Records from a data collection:

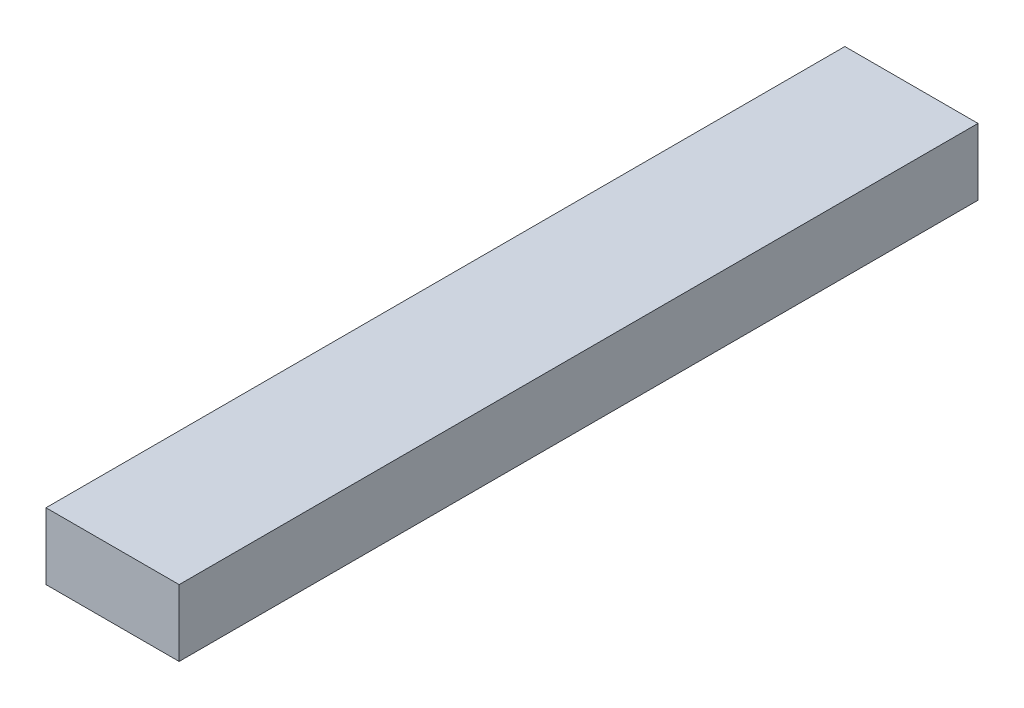
from build123d import *

# Parameters (mm, degrees)
SKETCH1_W           = 101.6
SKETCH1_H           = 50.8
BOSS_EXTRUDE1_DEPTH = 609.6


with BuildPart() as part:
    # Sketch1 → Boss-Extrude1 (new body)
    with BuildSketch(Plane.XY):
        Rectangle(SKETCH1_W, SKETCH1_H)
    extrude(amount=BOSS_EXTRUDE1_DEPTH)


solid = part.part
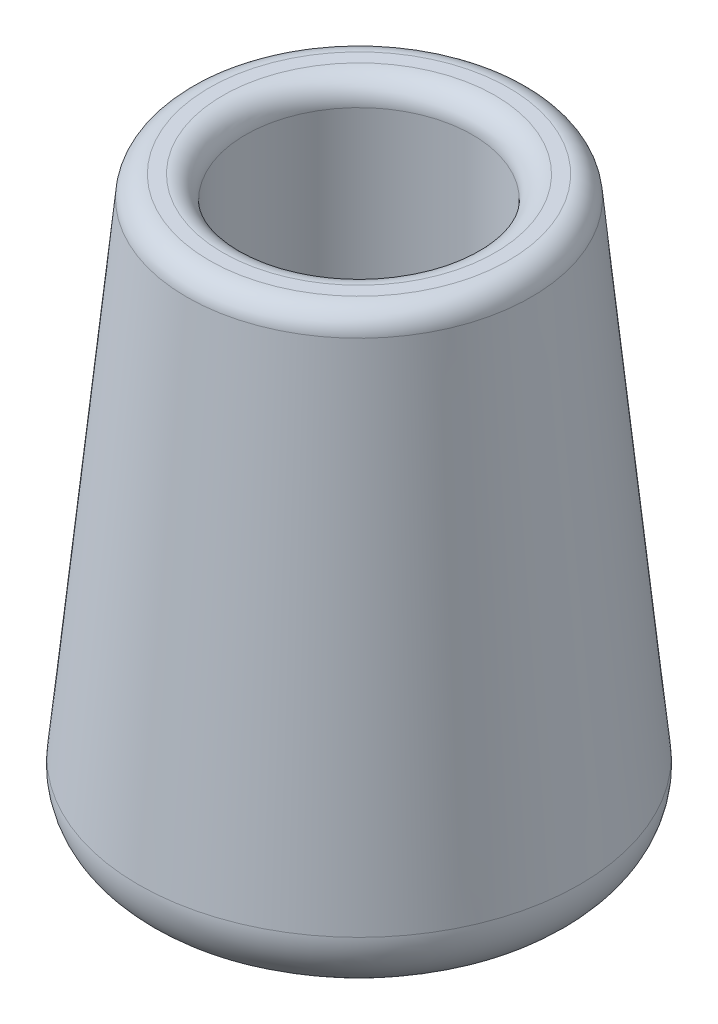
from build123d import *

# Parameters (mm, degrees)
SKETCH2_R               = 15
SKETCH1_R               = 20
CUT_EXTRUDE1_DEPTH      = 58.445626622
CUT_EXTRUDE1_DEPTH_BACK = 20
SKETCH3_R               = 10
FILLET1_R               = 5
FILLET2_R               = 2


with BuildPart() as part:
    # Sketch2 → Loft1 section 0
    with BuildSketch(Plane(origin=(0, 50, 0), x_dir=(1, 0, 0), z_dir=(0, 1, 0))):
        Circle(SKETCH2_R)
    # Sketch1 → Loft1 section 1
    with BuildSketch(Plane(origin=(0, 0, 0), x_dir=(1, 0, 0), z_dir=(0, 1, 0))):
        Circle(SKETCH1_R)
    loft()

    # Sketch3 → Cut-Extrude1 (cut, two sides: drawn at the far end of the back side and taken through both)
    with BuildSketch(Plane(origin=(0, 50, 0), x_dir=(1, 0, 0), z_dir=(0, 1, 0)).offset(-CUT_EXTRUDE1_DEPTH_BACK)):
        with Locations(Location((0, 0, 0), (0, 0, 270))):
            Circle(SKETCH3_R)
    extrude(amount=CUT_EXTRUDE1_DEPTH + CUT_EXTRUDE1_DEPTH_BACK, mode=Mode.SUBTRACT)

    # Fillet1
    fillet1_edges = [part.edges().sort_by_distance(p)[0] for p in [
        (-20, 0, 0),
    ]]
    fillet(fillet1_edges, radius=FILLET1_R)

    # Fillet2
    fillet2_edges = [part.edges().sort_by_distance(p)[0] for p in [
        (-15, 50, 0),
        (0, 50, -10),
    ]]
    fillet(fillet2_edges, radius=FILLET2_R)


solid = part.part

#### PROBLEM TO WORK ON:
Your copy should match the records word for word, with the pictures removed.

#### EXERCISE RESULT:
from build123d import *

# Parameters (mm, degrees)
SKETCH1_W           = 101.6
SKETCH1_H           = 50.8
BOSS_EXTRUDE1_DEPTH = 609.6


with BuildPart() as part:
    # Sketch1 → Boss-Extrude1 (new body)
    with BuildSketch(Plane.XY):
        Rectangle(SKETCH1_W, SKETCH1_H)
    extrude(amount=BOSS_EXTRUDE1_DEPTH)


solid = part.part
from build123d import *

# Parameters (mm, degrees)
SKETCH2_R               = 15
SKETCH1_R               = 20
CUT_EXTRUDE1_DEPTH      = 58.445626622
CUT_EXTRUDE1_DEPTH_BACK = 20
SKETCH3_R               = 10
FILLET1_R               = 5
FILLET2_R               = 2


with BuildPart() as part:
    # Sketch2 → Loft1 section 0
    with BuildSketch(Plane(origin=(0, 50, 0), x_dir=(1, 0, 0), z_dir=(0, 1, 0))):
        Circle(SKETCH2_R)
    # Sketch1 → Loft1 section 1
    with BuildSketch(Plane(origin=(0, 0, 0), x_dir=(1, 0, 0), z_dir=(0, 1, 0))):
        Circle(SKETCH1_R)
    loft()

    # Sketch3 → Cut-Extrude1 (cut, two sides: drawn at the far end of the back side and taken through both)
    with BuildSketch(Plane(origin=(0, 50, 0), x_dir=(1, 0, 0), z_dir=(0, 1, 0)).offset(-CUT_EXTRUDE1_DEPTH_BACK)):
        with Locations(Location((0, 0, 0), (0, 0, 270))):
            Circle(SKETCH3_R)
    extrude(amount=CUT_EXTRUDE1_DEPTH + CUT_EXTRUDE1_DEPTH_BACK, mode=Mode.SUBTRACT)

    # Fillet1
    fillet1_edges = [part.edges().sort_by_distance(p)[0] for p in [
        (-20, 0, 0),
    ]]
    fillet(fillet1_edges, radius=FILLET1_R)

    # Fillet2
    fillet2_edges = [part.edges().sort_by_distance(p)[0] for p in [
        (-15, 50, 0),
        (0, 50, -10),
    ]]
    fillet(fillet2_edges, radius=FILLET2_R)


solid = part.part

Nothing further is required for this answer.